What stood out to me the most was the role of nutrition in cholera case management, the importance of vaccines (specifically OCVs), and most importantly access to clean water. I am motivated by the intricate processes behind real-world solutions that impact the health of millions of people. Cohesive research and preparation is incredibly crucial for addressing health and wellbeing, clean water access issues, and all other sustainable development goals.

What lessons do you anticipate applying in your future work or career? 

Health and wellbeing play a massive role in the field of global development. Water, sanitation, and hygiene issues are incredibly pressing challenges that, if improved, can stop the rate of disease infections and promote health. The issue is far more complicated than I originally anticipated: there are several stakeholders and it takes months, sometimes years, to create and execute interventions. This experience has only increased my budding interest in health and development. While I had initially planned to continue shadowing the organization in person this past winter, that was not possible due to public health safety precautions due to the omicron variant of SARS-CoV-2, the virus that causes COVID-19. I plan to potentially visit Cairo this summer. Special thank you to Dr. Abdinasir Abubakar from the World Health Organization for the critical role he has played in my experience and for making this opportunity possible.

Do you have any favorite professors from your time in Global Development?

My favorite professor from my major has been Dr. Terry Tucker! He was one of the first faculty members who I met when I first came to Cornell and has positively impacted my academic experience. I have had the privilege of taking three incredible courses with Dr. Tucker, and he has been incredibly supportive outside of the classroom as well. Whenever I needed academic advice or even help finding opportunities, Terry was always there and willing to help in any way that he could. Being able to have a supportive professor is a privilege in and of itself. I strongly encourage future students to reach out to their professors and build those relationships — they are incredibly crucial!

What advice would you give to another student considering an engaged learning experience?

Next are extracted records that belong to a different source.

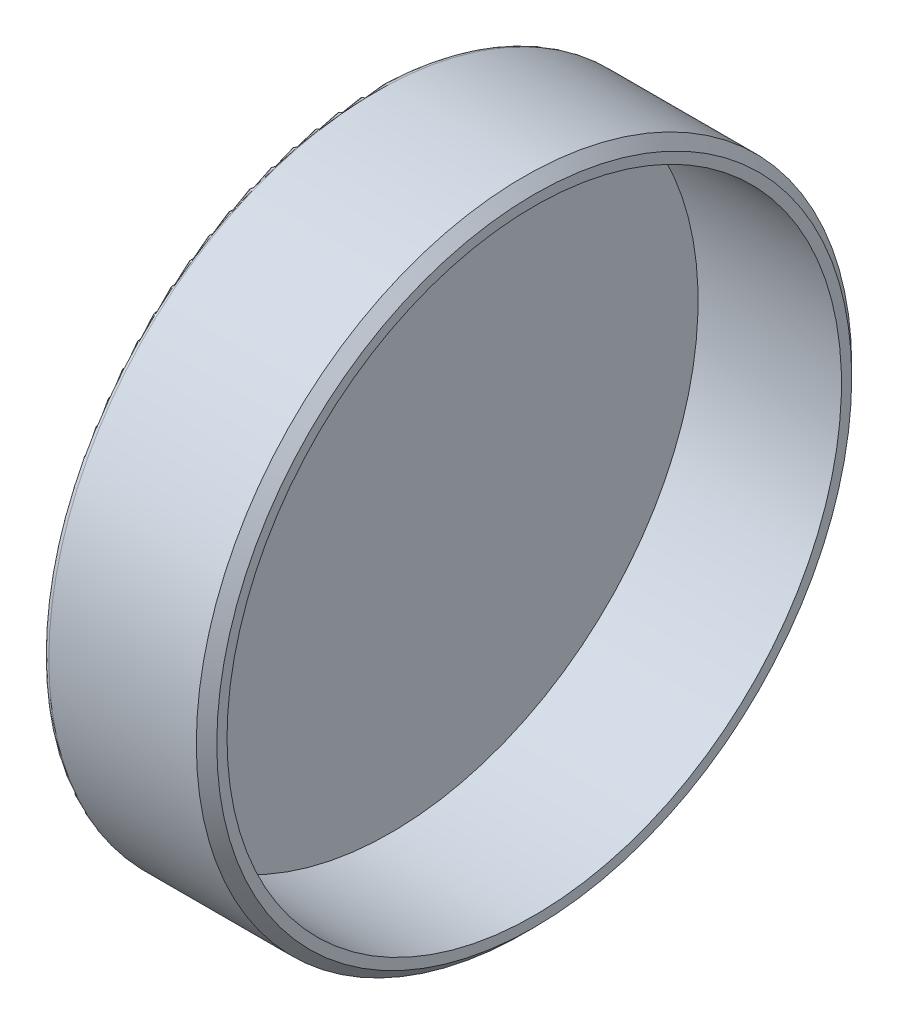
from build123d import *

# Parameters (mm, degrees)
CHANFREIN1_SIZE = 0.5
CONG_1_R        = 0.3


with BuildPart() as part:
    # Esquisse1 → Révol.-Mince2 (revolve)
    with BuildSketch(Plane.XY, mode=Mode.PRIVATE) as r_vol_mince2_sk:
        Polygon((0, 0), (0, 16), (8, 16), (8, 15), (1, 15), (1, 0), align=None)
    revolve(r_vol_mince2_sk.sketch.rotate(Axis((-7.892655367, 0, 0), (1, 0, 0)), 90), axis=Axis((-7.892655367, 0, 0), (1, 0, 0)))

    # Chanfrein1
    chanfrein1_edges = [part.edges().sort_by_distance(p)[0] for p in [
        (8, 0, -16),
    ]]
    chamfer(chanfrein1_edges, length=CHANFREIN1_SIZE)

    # Congé1
    cong_1_edges = [part.edges().sort_by_distance(p)[0] for p in [
        (0, 0, -16),
    ]]
    fillet(cong_1_edges, radius=CONG_1_R)


solid = part.part

Shoot for the stars: worst case scenario you will land on the moon! Discover your interests and find organizations that align with them. Start thinking about your engaged learning experience early on. Do not be like me and panic during the spring of your junior year. Do not worry too much about whether or not you believe you are qualified or if they will even respond, send that email anyways! You never know what can happen. Do not hesitate to reach out to faculty members or alumni, as there will always be someone more than willing to help you!

Student spotlight

Nasra Ismail '22

Nasra Ismail ‘22 is an International Agriculture and Rural Development major with a minor in Inequality Studies. As an undergraduate researcher in the Figuera Interdisciplinary Lab, she conducts research on childhood obesity in underserved populations participating in federal nutrition assistance programs. She helped co-found Cornell’s chapter of Universities Fighting World Hunger (UFWH), and serves as the chair of special projects for the Black Biomedical and Technical Association (BBMTA) where she coordinates all volunteering and mentorship opportunities. Previously, she served as the Diversity and Inclusion Chair for the Phi Delta Epsilon pre-medical fraternity.